FIGURE 4Set-up of labelled nanoalgosomes treatment in C. elegans. (A) Schematic representation of the administration methods used for testing the uptake in C. elegans of fluorescent nanoalgosomes. The best conditions used for treating animals as well as some advantages and disadvantages are listed. (B–D) Brightfield (left) and epifluorescence (with FITC filter, right) images of animals treated with Di-8-Anepps-nanoalgosomes, nanoalgosomes and free-dye (Di-8-Anepps) by injection (B), soaking (C) and in solido (D). A fluorescent signal was observed in the intestinal cells of the animals treated with labeled nanoalgosomes (arrows). Moreover, aspecific signals were observed in the head after soaking (arrowhead) and in solido with free-dye (asterisks). Anterior is left and ventral is down.
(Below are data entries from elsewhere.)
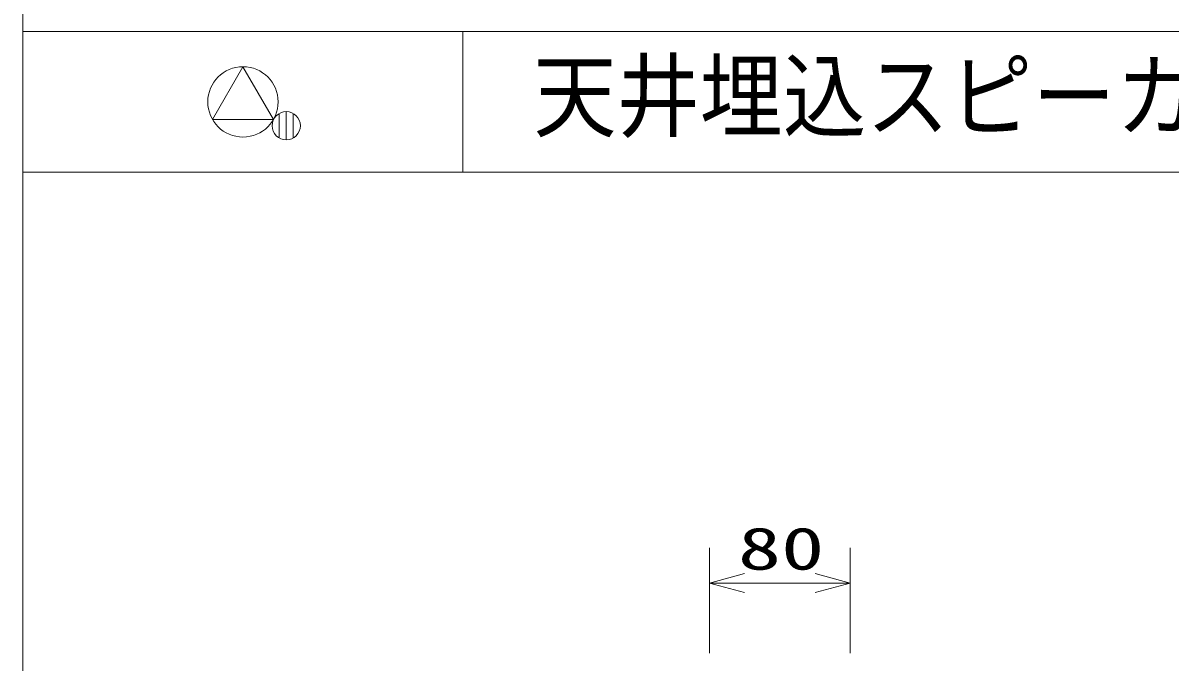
# Model space of a CAD drawing. Units: millimetres on the paper. Extents: x -401 to 401, y -280 to 280.
# Drawn here: x -258 to -192.8, y -35.8 to 0.5 of the extents above; entities that cross this region are included whole.
import ezdxf
from ezdxf.enums import TextEntityAlignment as Align

# ---------------------------------------------------------------- set-up
doc = ezdxf.new("R2010")
doc.units = ezdxf.units.MM
for name, color, linetype, lineweight in [('0-3_WAKU-M', 7, 'Continuous', 9), ('0-4_(J)SP', 7, 'Continuous', 9), ('0-6_SUNPO', 7, 'Continuous', 9), ('0-7_MOJI1', 7, 'Continuous', 9)]:
    doc.layers.add(name, color=color, linetype=linetype, lineweight=lineweight)
doc.styles.add('ＭＳ ゴシック', font='')
doc.styles.get('ＭＳ ゴシック').set_extended_font_data('MS Gothic')

# ---------------------------------------------------------------- blocks, each defined once
blk = doc.blocks.new('_OPEN30')
at = {"layer": '0-6_SUNPO'}
blk.add_line((0, 0), (-1, 0), dxfattribs=at)
blk.add_lwpolyline([(-1, 0.2679), (0, 0), (-1, -0.2679)], dxfattribs=at)

msp = doc.modelspace()

# ---------------------------------------------------------------- linework, layer by layer
at = {"layer": '0-3_WAKU-M'}
for p, q in [((-258, 120), (-258, -240)), ((-258, 0), (387, 0)), ((-233, 0), (-233, -8)), ((-258, -8), (387, -8))]:
    msp.add_line(p, q, dxfattribs=at)
at = {"layer": '0-4_(J)SP'}
for p, q in [((-243.039, -6.158), (-243.039, -4.557)), ((-243.439, -6.05), (-243.439, -4.665)), ((-242.639, -6.05), (-242.639, -4.664)), ((-242.239, -5.375), (-242.239, -5.34))]:
    msp.add_line(p, q, dxfattribs=at)
msp.add_lwpolyline([(-245.5, -2), (-247.232, -5), (-243.768, -5)], close=True, dxfattribs=at)
for centre, radius in [((-245.5, -4), 2), ((-243.039, -5.357), 0.8)]:
    msp.add_circle(centre, radius, dxfattribs=at)
at = {"layer": '0-6_SUNPO'}
for p, q in [((-219, -35.335), (-219, -29.35)), ((-211, -35.335), (-211, -29.35)), ((-213, -31.35), (-217, -31.35))]:
    msp.add_line(p, q, dxfattribs=at)

# ---------------------------------------------------------------- block references
at = {"layer": '0-6_SUNPO', "xscale": 2, "yscale": 2, "rotation": 180}
msp.add_blockref('_OPEN30', (-219, -31.35), dxfattribs=at)
at = {"layer": '0-6_SUNPO', "xscale": 2, "yscale": 2}
msp.add_blockref('_OPEN30', (-211, -31.35), dxfattribs=at)

# ---------------------------------------------------------------- texts
at = {"layer": '0-6_SUNPO', "style": 'ＭＳ ゴシック', "width": 1.5}
msp.add_text('80', height=2.405, dxfattribs=at).set_placement((-217.381, -31.312), align=Align.BOTTOM_LEFT)
at = {"layer": '0-7_MOJI1', "style": 'ＭＳ ゴシック', "width": 0.9}
msp.add_text('天井埋込スピーカー（ＡＴＴ付）', height=3.849, dxfattribs=at).set_placement((-229, -6.74), align=Align.BOTTOM_LEFT)

doc.saveas('drawing.dxf')

Scale bar 75 µm.
FIGURE 5C elegans intestinal cells uptake and persistence of labelled nanoalgosomes.(A) Confocal images of animals treated with PBS, Di-8-Anepps free dye, PKH26 free dye for 24 h are shown in the upper panels; animals treated for 24 h with unstained nanoalgosomes, Di-8-Anepps-nanoalgosomes and PKH26-nanoalgosomes are shown in the lower panels. A fluorescent signal was observed in animals treated with labelled nanoalgosomes in the intestinal cells (arrows) and in the head (arrowheads). Anterior is up. Scale bar 75 µm. (B) Localisation of Di-8-Anepps-nanoalgosomes in the cytoplasm of intestinal cells expressing GFP in the nuclei thanks to elt-2 promoter. The Di-8-Anepps-nanoalgosomes specific signal has been pseudo-colored in red. Scale bar 25 µm. (C,D) The persistence of the fluorescent signal (arrows) was assessed in animals treated with Di-8-Anepps-nanoalgosomes for 24, 48 and 72 h after treatments in solido (C) or injection (D). A fluorescent signal in the head (arrowheads) is also visible in solido. Anterior is up. Scale bar 75 µm.